====== Data section ======

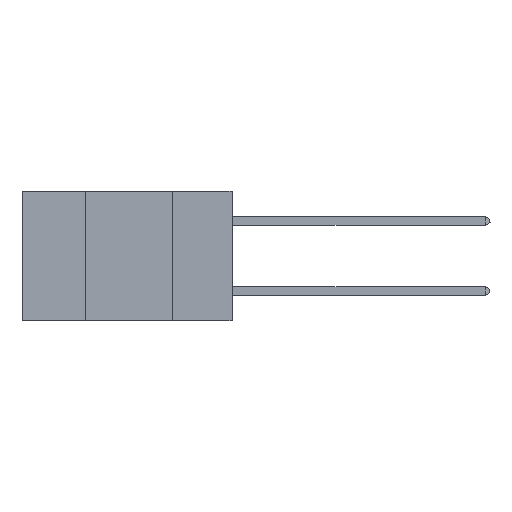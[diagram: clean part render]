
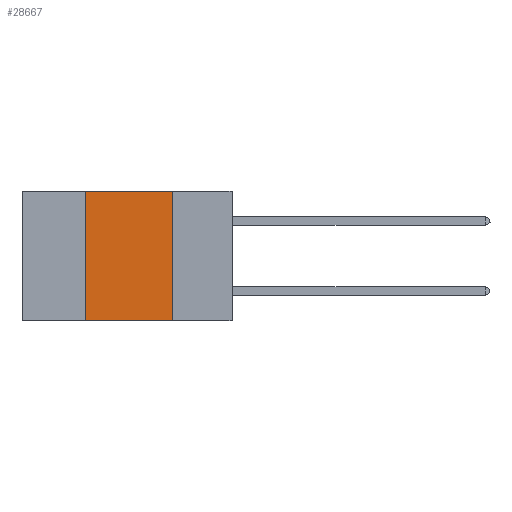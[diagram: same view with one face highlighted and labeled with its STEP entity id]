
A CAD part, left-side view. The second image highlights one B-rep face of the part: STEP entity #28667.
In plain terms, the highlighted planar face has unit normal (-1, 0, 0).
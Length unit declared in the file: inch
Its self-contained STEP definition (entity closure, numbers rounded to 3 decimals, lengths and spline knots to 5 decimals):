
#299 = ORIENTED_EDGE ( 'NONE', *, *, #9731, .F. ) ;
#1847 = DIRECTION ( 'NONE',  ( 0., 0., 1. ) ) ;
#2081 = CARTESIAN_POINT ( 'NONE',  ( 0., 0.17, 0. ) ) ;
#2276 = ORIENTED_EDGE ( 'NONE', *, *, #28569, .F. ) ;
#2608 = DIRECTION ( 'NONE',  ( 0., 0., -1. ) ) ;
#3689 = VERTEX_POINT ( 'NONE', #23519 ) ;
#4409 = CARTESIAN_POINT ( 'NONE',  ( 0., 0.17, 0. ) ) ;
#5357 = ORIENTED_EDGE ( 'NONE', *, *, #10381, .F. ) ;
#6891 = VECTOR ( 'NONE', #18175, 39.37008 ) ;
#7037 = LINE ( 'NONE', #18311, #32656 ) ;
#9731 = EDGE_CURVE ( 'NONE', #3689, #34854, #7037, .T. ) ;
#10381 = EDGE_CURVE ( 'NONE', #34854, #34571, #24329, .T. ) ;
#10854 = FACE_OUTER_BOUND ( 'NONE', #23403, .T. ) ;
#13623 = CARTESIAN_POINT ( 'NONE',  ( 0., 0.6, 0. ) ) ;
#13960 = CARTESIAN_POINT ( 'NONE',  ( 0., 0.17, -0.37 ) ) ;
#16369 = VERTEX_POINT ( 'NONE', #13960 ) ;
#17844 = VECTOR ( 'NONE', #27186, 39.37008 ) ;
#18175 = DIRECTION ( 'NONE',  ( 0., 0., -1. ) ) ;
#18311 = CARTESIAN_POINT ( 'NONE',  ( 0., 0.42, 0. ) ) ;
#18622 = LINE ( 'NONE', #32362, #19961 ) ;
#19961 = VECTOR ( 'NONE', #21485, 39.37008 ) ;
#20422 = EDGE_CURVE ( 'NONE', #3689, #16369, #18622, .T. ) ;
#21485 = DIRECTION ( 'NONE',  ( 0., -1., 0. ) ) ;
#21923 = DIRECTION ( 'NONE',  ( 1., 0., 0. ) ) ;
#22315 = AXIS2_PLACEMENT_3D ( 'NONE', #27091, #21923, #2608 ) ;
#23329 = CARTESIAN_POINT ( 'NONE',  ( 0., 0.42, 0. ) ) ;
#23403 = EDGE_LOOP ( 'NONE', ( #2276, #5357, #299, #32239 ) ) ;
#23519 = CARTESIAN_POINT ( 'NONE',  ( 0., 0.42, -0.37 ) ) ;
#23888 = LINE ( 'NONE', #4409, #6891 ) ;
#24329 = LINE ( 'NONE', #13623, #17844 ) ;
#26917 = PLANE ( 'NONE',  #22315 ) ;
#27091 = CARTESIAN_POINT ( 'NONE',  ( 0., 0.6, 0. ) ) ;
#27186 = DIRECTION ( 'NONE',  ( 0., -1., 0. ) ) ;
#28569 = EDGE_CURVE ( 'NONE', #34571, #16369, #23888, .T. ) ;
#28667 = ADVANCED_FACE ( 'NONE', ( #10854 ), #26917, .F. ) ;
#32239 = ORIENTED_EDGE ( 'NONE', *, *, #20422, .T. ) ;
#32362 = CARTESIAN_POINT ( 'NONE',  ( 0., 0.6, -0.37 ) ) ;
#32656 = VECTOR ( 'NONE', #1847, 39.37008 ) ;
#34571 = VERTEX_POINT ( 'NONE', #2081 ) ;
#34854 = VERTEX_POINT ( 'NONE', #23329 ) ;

======

Directions for this task: Produce a word-for-word copy of everything above from the line holding "Its self-contained STEP" down to the line holding "#23329 = CARTESIAN_POINT", with both of those lines kept.

Task solution:
Its self-contained STEP definition (entity closure, numbers rounded to 3 decimals, lengths and spline knots to 5 decimals):
#299 = ORIENTED_EDGE ( 'NONE', *, *, #9731, .F. ) ;
#1847 = DIRECTION ( 'NONE',  ( 0., 0., 1. ) ) ;
#2081 = CARTESIAN_POINT ( 'NONE',  ( 0., 0.17, 0. ) ) ;
#2276 = ORIENTED_EDGE ( 'NONE', *, *, #28569, .F. ) ;
#2608 = DIRECTION ( 'NONE',  ( 0., 0., -1. ) ) ;
#3689 = VERTEX_POINT ( 'NONE', #23519 ) ;
#4409 = CARTESIAN_POINT ( 'NONE',  ( 0., 0.17, 0. ) ) ;
#5357 = ORIENTED_EDGE ( 'NONE', *, *, #10381, .F. ) ;
#6891 = VECTOR ( 'NONE', #18175, 39.37008 ) ;
#7037 = LINE ( 'NONE', #18311, #32656 ) ;
#9731 = EDGE_CURVE ( 'NONE', #3689, #34854, #7037, .T. ) ;
#10381 = EDGE_CURVE ( 'NONE', #34854, #34571, #24329, .T. ) ;
#10854 = FACE_OUTER_BOUND ( 'NONE', #23403, .T. ) ;
#13623 = CARTESIAN_POINT ( 'NONE',  ( 0., 0.6, 0. ) ) ;
#13960 = CARTESIAN_POINT ( 'NONE',  ( 0., 0.17, -0.37 ) ) ;
#16369 = VERTEX_POINT ( 'NONE', #13960 ) ;
#17844 = VECTOR ( 'NONE', #27186, 39.37008 ) ;
#18175 = DIRECTION ( 'NONE',  ( 0., 0., -1. ) ) ;
#18311 = CARTESIAN_POINT ( 'NONE',  ( 0., 0.42, 0. ) ) ;
#18622 = LINE ( 'NONE', #32362, #19961 ) ;
#19961 = VECTOR ( 'NONE', #21485, 39.37008 ) ;
#20422 = EDGE_CURVE ( 'NONE', #3689, #16369, #18622, .T. ) ;
#21485 = DIRECTION ( 'NONE',  ( 0., -1., 0. ) ) ;
#21923 = DIRECTION ( 'NONE',  ( 1., 0., 0. ) ) ;
#22315 = AXIS2_PLACEMENT_3D ( 'NONE', #27091, #21923, #2608 ) ;
#23329 = CARTESIAN_POINT ( 'NONE',  ( 0., 0.42, 0. ) ) ;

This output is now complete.